Stored items
----
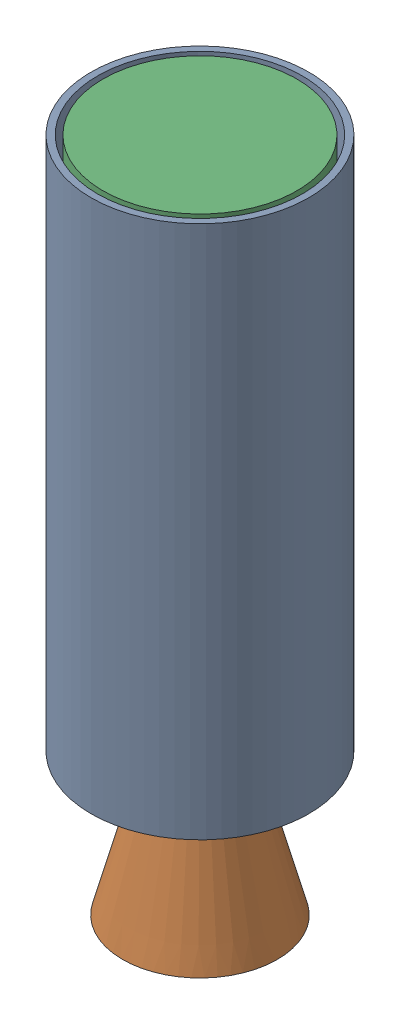
SolidWorks assembly Motor_Assembly_Test#1, configuration Default. Lengths in mm.
Overall size (124.22 310.2 124.22).
3 component instances, 3 part files, 4 mates.
Components (placement in the parent):
- Casing_Test#1-1: Casing_Test#1 [Default] at (90.6963 -357.5404 195.0485) size (100 245 100)
- Nozzle2-1: Nozzle2 [Default] at (90.6963 -433.9404 195.0485) x (0 -1 0) z (-0.811608 0 -0.584202) size (115.2 88.99 88.99)
- Bulkhead-1: Bulkhead [Default] at (90.6963 -112.5404 195.0485) x (0 -1 0) z (0.82025 0 -0.572005) size (50 89 89)
Mates (geometry in assembly coordinates):
- Concentric1: concentric aligned: cylinder of Casing_Test#1-1 through (90.6963 -112.5404 195.0485) axis (0 -1 0) radius 47; cylinder of Nozzle2-1 through (90.6963 -433.9404 195.0485) axis (0 -1 0) radius 44.4963
- Coincident1: coincident aligned: plane of Casing_Test#1-1 through (90.6963 -357.5404 195.0485) normal (0 -1 0); plane of Nozzle2-1 through (64.7014 -357.5404 231.1621) normal (0 -1 0)
- Concentric2: concentric anti-aligned: cylinder of Casing_Test#1-1 through (90.6963 -112.5404 195.0485) axis (0 -1 0) radius 47; cylinder of Bulkhead-1 through (90.6963 -112.5404 195.0485) axis (0 1 0) radius 44.5
- Coincident2: coincident aligned: plane of Casing_Test#1-1 through (90.6963 -112.5404 195.0485) normal (0 1 0); plane of Bulkhead-1 through (90.6963 -112.5404 195.0485) normal (0 1 0)
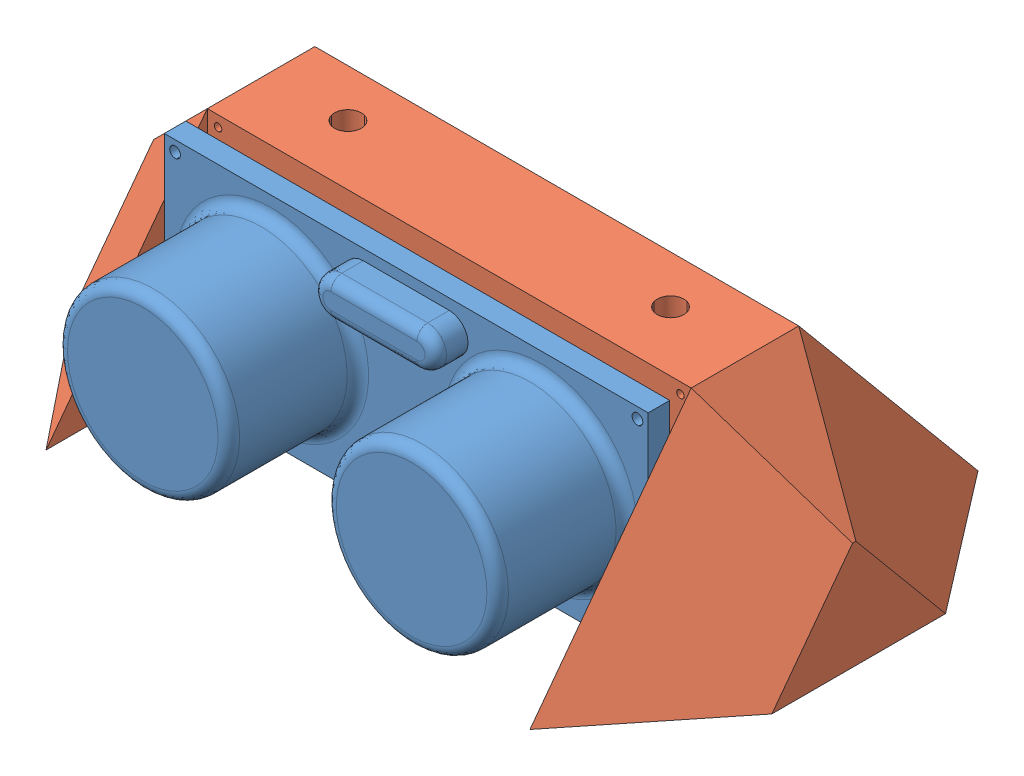
SolidWorks assembly Ultrasonico_laterales, configuration Predeterminado. Lengths in mm.
Overall size (65 25.15 42.67).
2 component instances, 2 part files, 2 mates.
Components (placement in the parent):
- sens_usonic-1: sens_usonic [Predeterminado] at (-3.1934 3.1072 40.27) size (45 25.15 18.54)
- Soporte_ultrasonico_2-1: Soporte_ultrasonico_2 [Predeterminado] at (-3.1934 3.1072 35.27) size (65 20 40.42)
Mates (geometry in assembly coordinates):
- Distancia1: distance = 2 mm anti-aligned: plane of Soporte_ultrasonico_2-1 through (-3.1934 3.1072 38.27) normal (0 0 1); plane of sens_usonic-1 through (-3.1934 3.1072 40.27) normal (0 0 -1)
- Concéntrica2: concentric aligned: circle of sens_usonic-1; circle of Soporte_ultrasonico_2-1
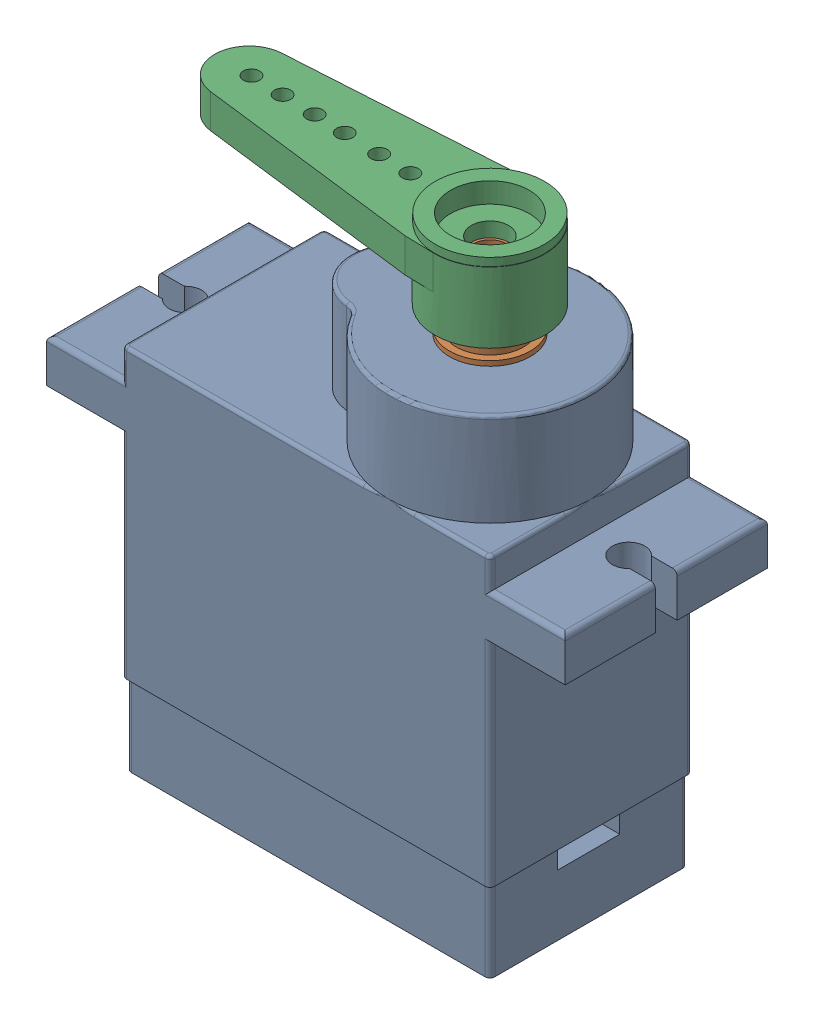
SolidWorks assembly assembly, configuration Default. Lengths in mm.
Overall size (32.05 34.95 12.5).
3 component instances, 3 part files, 4 mates.
Components (placement in the parent):
- body-1: body [Default] at origin size (32.05 28.5 12.5)
- shaft-1: shaft [Default] at (16.5 28.5 -6.25) x (0.786985 0 0.616972) z (-0.616972 0 0.786985) size (5 4.3 5)
- horn-1: horn [Default] at (16.5 34.45 -6.25) x (0.999514 0 0.031181) z (0.031181 0 -0.999514) size (20.9 4.85 6.82)
Mates (geometry in assembly coordinates):
- Coincident1: coincident anti-aligned: plane of MG90servo_body-1 through (16.5 28.5 -6.25) normal (0 1 0); plane of MG90servo_shaft-1 through (16.5 28.5 -6.25) normal (0 -1 0)
- Concentric2: concentric aligned: cylinder of MG90servo_body-1 through (16.5 26.5 -6.25) axis (0 1 0) radius 0.5; cylinder of MG90servo_shaft-1 through (16.5 29.3 -6.25) axis (0 1 0) radius 1
- Coincident3: coincident anti-aligned: plane of MG90servo_shaft-1 through (16.5 32.8 -6.25) normal (0 1 0); plane of MG90servo_singleHorn-1 through (16.5 32.8 -6.25) normal (0 -1 0)
- Concentric4: concentric anti-aligned: cylinder of MG90servo_shaft-1 through (16.5 29.3 -6.25) axis (0 1 0) radius 1; cylinder of MG90servo_singleHorn-1 through (16.5 32.8 -6.25) axis (0 -1 0) radius 2.25
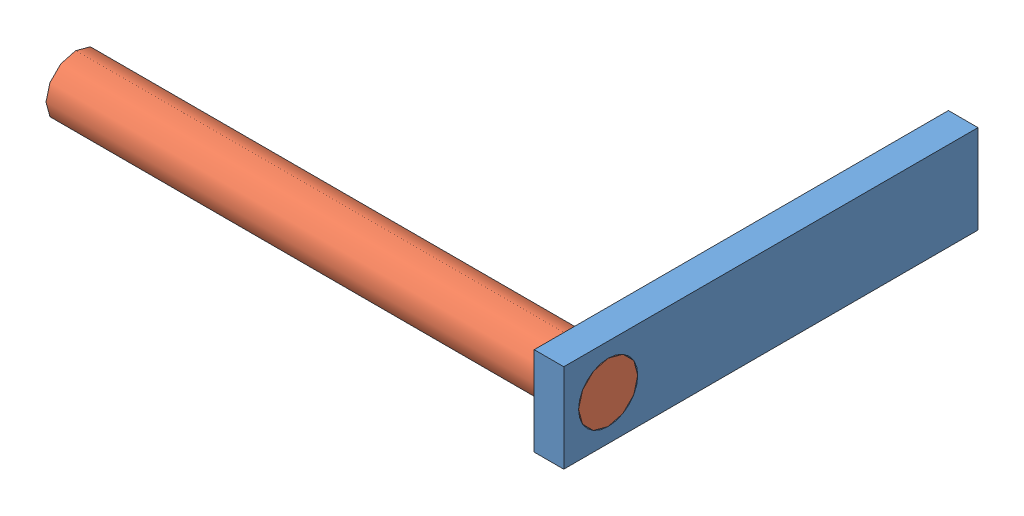
SolidWorks assembly L-Part 1-3, configuration Default. Lengths in mm.
Overall size (180 30 140).
2 component instances, 2 part files, 2 mates.
Components (placement in the parent):
- Rectangular Beam 1-3-1: Rectangular Beam 1-3 [Default] at origin size (10 30 140)
- Cylindrical Rod 1-3-1: Cylindrical Rod 1-3 [Default] at (-170 0 0) size (180 20 20)
Mates (geometry in assembly coordinates):
- Concentric1: concentric aligned: cylinder of Rectangular Beam 1-3-1 through (10 0 0) axis (-1 0 0) radius 10; cylinder of Cylindrical Rod 1-3-1 through (10 0 0) axis (-1 0 0) radius 10
- Coincident1: coincident aligned: plane of Rectangular Beam 1-3-1 through (10 0 0) normal (1 0 0); plane of Cylindrical Rod 1-3-1 through (10 0 0) normal (1 0 0)
----
Work instruction> Skip the pictures, then retype every line above exactly.

Exercise solution>
SolidWorks assembly Motor_Assembly_Test#1, configuration Default. Lengths in mm.
Overall size (124.22 310.2 124.22).
3 component instances, 3 part files, 4 mates.
Components (placement in the parent):
- Casing_Test#1-1: Casing_Test#1 [Default] at (90.6963 -357.5404 195.0485) size (100 245 100)
- Nozzle2-1: Nozzle2 [Default] at (90.6963 -433.9404 195.0485) x (0 -1 0) z (-0.811608 0 -0.584202) size (115.2 88.99 88.99)
- Bulkhead-1: Bulkhead [Default] at (90.6963 -112.5404 195.0485) x (0 -1 0) z (0.82025 0 -0.572005) size (50 89 89)
Mates (geometry in assembly coordinates):
- Concentric1: concentric aligned: cylinder of Casing_Test#1-1 through (90.6963 -112.5404 195.0485) axis (0 -1 0) radius 47; cylinder of Nozzle2-1 through (90.6963 -433.9404 195.0485) axis (0 -1 0) radius 44.4963
- Coincident1: coincident aligned: plane of Casing_Test#1-1 through (90.6963 -357.5404 195.0485) normal (0 -1 0); plane of Nozzle2-1 through (64.7014 -357.5404 231.1621) normal (0 -1 0)
- Concentric2: concentric anti-aligned: cylinder of Casing_Test#1-1 through (90.6963 -112.5404 195.0485) axis (0 -1 0) radius 47; cylinder of Bulkhead-1 through (90.6963 -112.5404 195.0485) axis (0 1 0) radius 44.5
- Coincident2: coincident aligned: plane of Casing_Test#1-1 through (90.6963 -112.5404 195.0485) normal (0 1 0); plane of Bulkhead-1 through (90.6963 -112.5404 195.0485) normal (0 1 0)
SolidWorks assembly Ultrasonico_laterales, configuration Predeterminado. Lengths in mm.
Overall size (65 25.15 42.67).
2 component instances, 2 part files, 2 mates.
Components (placement in the parent):
- sens_usonic-1: sens_usonic [Predeterminado] at (-3.1934 3.1072 40.27) size (45 25.15 18.54)
- Soporte_ultrasonico_2-1: Soporte_ultrasonico_2 [Predeterminado] at (-3.1934 3.1072 35.27) size (65 20 40.42)
Mates (geometry in assembly coordinates):
- Distancia1: distance = 2 mm anti-aligned: plane of Soporte_ultrasonico_2-1 through (-3.1934 3.1072 38.27) normal (0 0 1); plane of sens_usonic-1 through (-3.1934 3.1072 40.27) normal (0 0 -1)
- Concéntrica2: concentric aligned: circle of sens_usonic-1; circle of Soporte_ultrasonico_2-1
SolidWorks assembly assembly, configuration Default. Lengths in mm.
Overall size (32.05 34.95 12.5).
3 component instances, 3 part files, 4 mates.
Components (placement in the parent):
- body-1: body [Default] at origin size (32.05 28.5 12.5)
- shaft-1: shaft [Default] at (16.5 28.5 -6.25) x (0.786985 0 0.616972) z (-0.616972 0 0.786985) size (5 4.3 5)
- horn-1: horn [Default] at (16.5 34.45 -6.25) x (0.999514 0 0.031181) z (0.031181 0 -0.999514) size (20.9 4.85 6.82)
Mates (geometry in assembly coordinates):
- Coincident1: coincident anti-aligned: plane of MG90servo_body-1 through (16.5 28.5 -6.25) normal (0 1 0); plane of MG90servo_shaft-1 through (16.5 28.5 -6.25) normal (0 -1 0)
- Concentric2: concentric aligned: cylinder of MG90servo_body-1 through (16.5 26.5 -6.25) axis (0 1 0) radius 0.5; cylinder of MG90servo_shaft-1 through (16.5 29.3 -6.25) axis (0 1 0) radius 1
- Coincident3: coincident anti-aligned: plane of MG90servo_shaft-1 through (16.5 32.8 -6.25) normal (0 1 0); plane of MG90servo_singleHorn-1 through (16.5 32.8 -6.25) normal (0 -1 0)
- Concentric4: concentric anti-aligned: cylinder of MG90servo_shaft-1 through (16.5 29.3 -6.25) axis (0 1 0) radius 1; cylinder of MG90servo_singleHorn-1 through (16.5 32.8 -6.25) axis (0 -1 0) radius 2.25
SolidWorks assembly L-Part 1-3, configuration Default. Lengths in mm.
Overall size (180 30 140).
2 component instances, 2 part files, 2 mates.
Components (placement in the parent):
- Rectangular Beam 1-3-1: Rectangular Beam 1-3 [Default] at origin size (10 30 140)
- Cylindrical Rod 1-3-1: Cylindrical Rod 1-3 [Default] at (-170 0 0) size (180 20 20)
Mates (geometry in assembly coordinates):
- Concentric1: concentric aligned: cylinder of Rectangular Beam 1-3-1 through (10 0 0) axis (-1 0 0) radius 10; cylinder of Cylindrical Rod 1-3-1 through (10 0 0) axis (-1 0 0) radius 10
- Coincident1: coincident aligned: plane of Rectangular Beam 1-3-1 through (10 0 0) normal (1 0 0); plane of Cylindrical Rod 1-3-1 through (10 0 0) normal (1 0 0)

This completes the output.